Data modeling settings
Once the data pipeline processes the event data, you can load the data into an analytics engine (i.e., Redshift) for data modeling, where data will be aggregated and organized into different views (such as event, device, session), as well as calculated metrics that are commonly used.
You can choose to use Redshift or Athena, or both.
Tip
We recommended you select both, that is, using Redshift for hot data modeling and using Athena for all-time data analysis.
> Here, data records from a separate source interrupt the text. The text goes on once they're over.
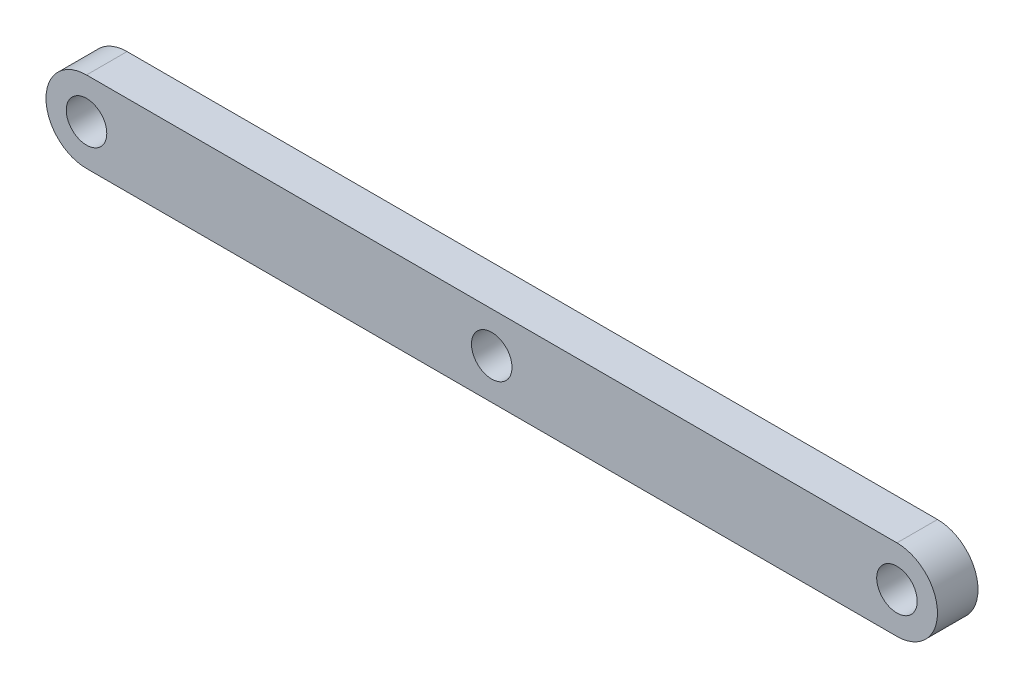
from build123d import *

# Parameters (mm, degrees)
SKETCH_2_R      = 5
EXTRUDE_1_DEPTH = 10


with BuildPart() as part:
    # 草图2 → 凸台-拉伸1 (new body)
    with BuildSketch(Plane.XY):
        with BuildLine():
            Line((0, 10), (200, 10))
            ThreePointArc((200, 10), (210, 0), (200, -10))
            Line((200, -10), (0, -10))
            ThreePointArc((0, -10), (-10, 0), (0, 10))
        make_face()
        Circle(SKETCH_2_R, mode=Mode.SUBTRACT)
        with Locations((200, 0)):
            Circle(SKETCH_2_R, mode=Mode.SUBTRACT)
        with Locations((100, 0)):
            Circle(SKETCH_2_R, mode=Mode.SUBTRACT)
    extrude(amount=EXTRUDE_1_DEPTH)


solid = part.part
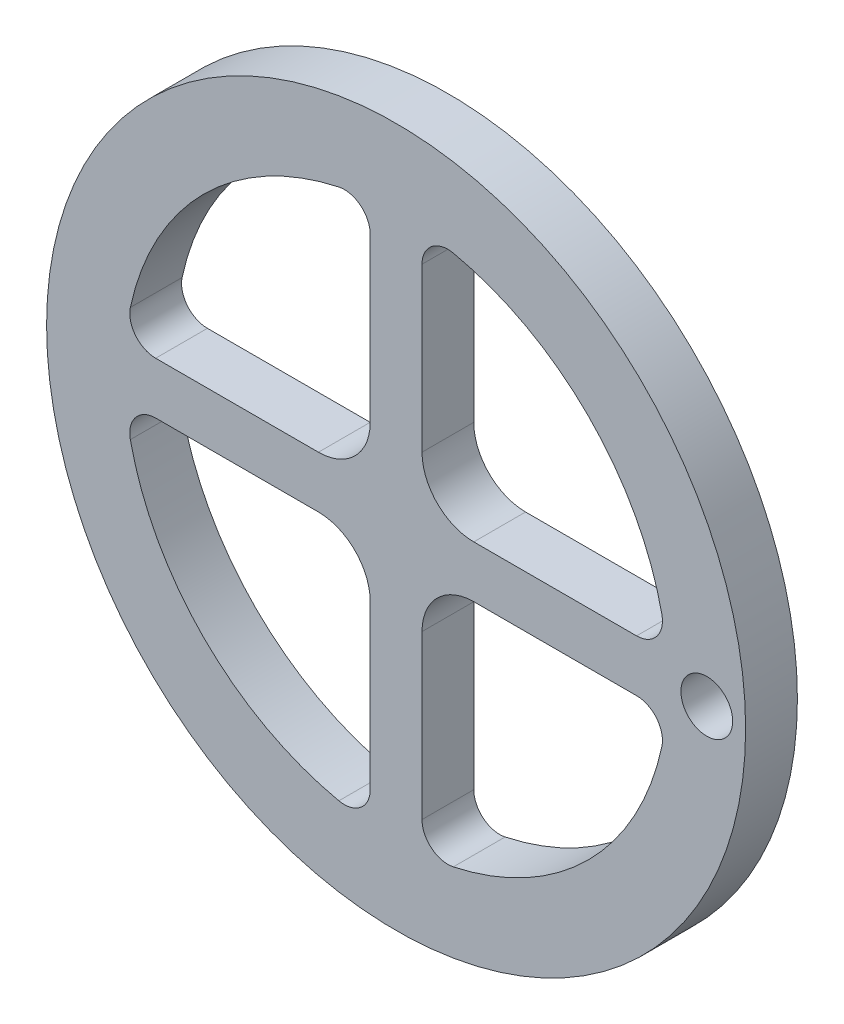
from build123d import *

# Parameters (mm, degrees)
SKETCH2_R           = 27
SKETCH2_R_2         = 2
BOSS_EXTRUDE1_DEPTH = 4


with BuildPart() as part:
    # Sketch2 → Boss-Extrude1 (new body)
    with BuildSketch(Plane.XY):
        Circle(SKETCH2_R)
        with Locations((24, 0)):
            Circle(SKETCH2_R_2, mode=Mode.SUBTRACT)
        with BuildLine():
            Line((-2, 18.574175621), (-2, 6))
            ThreePointArc((-2, 6), (-3.171572875, 3.171572875), (-6, 2))
            Line((-6, 2), (-18.574175621, 2))
            ThreePointArc((-18.574175621, 2), (-20.130148831, 2.743438275), (-20.529352002, 4.421052632))
            ThreePointArc((-20.529352002, 4.421052632), (-14.849242405, 14.849242405), (-4.421052632, 20.529352002))
            ThreePointArc((-4.421052632, 20.529352002), (-2.743438275, 20.130148831), (-2, 18.574175621))
        make_face(mode=Mode.SUBTRACT)
        with BuildLine():
            Line((18.574175621, 2), (6, 2))
            ThreePointArc((6, 2), (3.171572875, 3.171572875), (2, 6))
            Line((2, 6), (2, 18.574175621))
            ThreePointArc((2, 18.574175621), (2.743438275, 20.130148831), (4.421052632, 20.529352002))
            ThreePointArc((4.421052632, 20.529352002), (14.849242405, 14.849242405), (20.529352002, 4.421052632))
            ThreePointArc((20.529352002, 4.421052632), (20.130148831, 2.743438275), (18.574175621, 2))
        make_face(mode=Mode.SUBTRACT)
        with BuildLine():
            Line((18.574175621, -2), (6, -2))
            ThreePointArc((6, -2), (3.171572875, -3.171572875), (2, -6))
            Line((2, -6), (2, -18.574175621))
            ThreePointArc((2, -18.574175621), (2.743438275, -20.130148831), (4.421052632, -20.529352002))
            ThreePointArc((4.421052632, -20.529352002), (14.849242405, -14.849242405), (20.529352002, -4.421052632))
            ThreePointArc((20.529352002, -4.421052632), (20.130148831, -2.743438275), (18.574175621, -2))
        make_face(mode=Mode.SUBTRACT)
        with BuildLine():
            Line((-6, -2), (-18.574175621, -2))
            ThreePointArc((-18.574175621, -2), (-20.130148831, -2.743438275), (-20.529352002, -4.421052632))
            ThreePointArc((-20.529352002, -4.421052632), (-14.849242405, -14.849242405), (-4.421052632, -20.529352002))
            ThreePointArc((-4.421052632, -20.529352002), (-2.743438275, -20.130148831), (-2, -18.574175621))
            Line((-2, -18.574175621), (-2, -6))
            ThreePointArc((-2, -6), (-3.171572875, -3.171572875), (-6, -2))
        make_face(mode=Mode.SUBTRACT)
    extrude(amount=BOSS_EXTRUDE1_DEPTH)


solid = part.part

You can set below configurations for Redshift.
-
Redshift Mode: Select Redshift serverless or provisioned mode.
-
Serverless mode
-
Base RPU: RPU stands for Redshift Processing Unit. Amazon Redshift Serverless measures data warehouse capacity in RPUs, which are resources used to handle workloads. The base capacity specifies the base data warehouse capacity Amazon Redshift uses to serve queries and is specified in RPUs. Setting higher base capacity improves query performance, especially for data processing jobs that consume a lot of resources.
-
VPC: A virtual private cloud (VPC) based on the Amazon VPC service is your private, logically isolated network in the AWS Cloud.
Note
If you place the cluster within the isolated subnets, the VPC must have VPC endpoints for S3, Logs, Dynamodb, STS, States, Redshift and Redshift-data service.
-
Security Group: This VPC security group defines which subnets and IP ranges can access the endpoint of Redshift cluster.
-
Subnets: Select at least three existing VPC subnets.
Note
We recommend using private subnets to deploy for following security best practices.
Note
Please ensure that your subnets have enough available IP addresses to create Redshift Serverless, and check the number of free IP addresses required for each subnet.
-
-
Provisioned mode
-
Redshift Cluster: With a provisioned Amazon Redshift cluster, you build a cluster with node types that meet your cost and performance specifications. You have to set up, tune, and manage Amazon Redshift provisioned clusters.
-
Database user: The solution needs permissions to access and create database in Redshift cluster. By default, it grants Redshift Data API with the permissions of the admin user to execute the commands to create DB, tables, and views, as well as loading data.
-
-
Data range: Considering the cost performance issue of having Redshift to save all the data, we recommend that Redshift save hot data and that all data are stored in S3. It is necessary to delete expired data in Redshift on a regular basis.
-
-
Athena: Choose Athena to query all data on S3 using the table created in the Glue Data Catalog.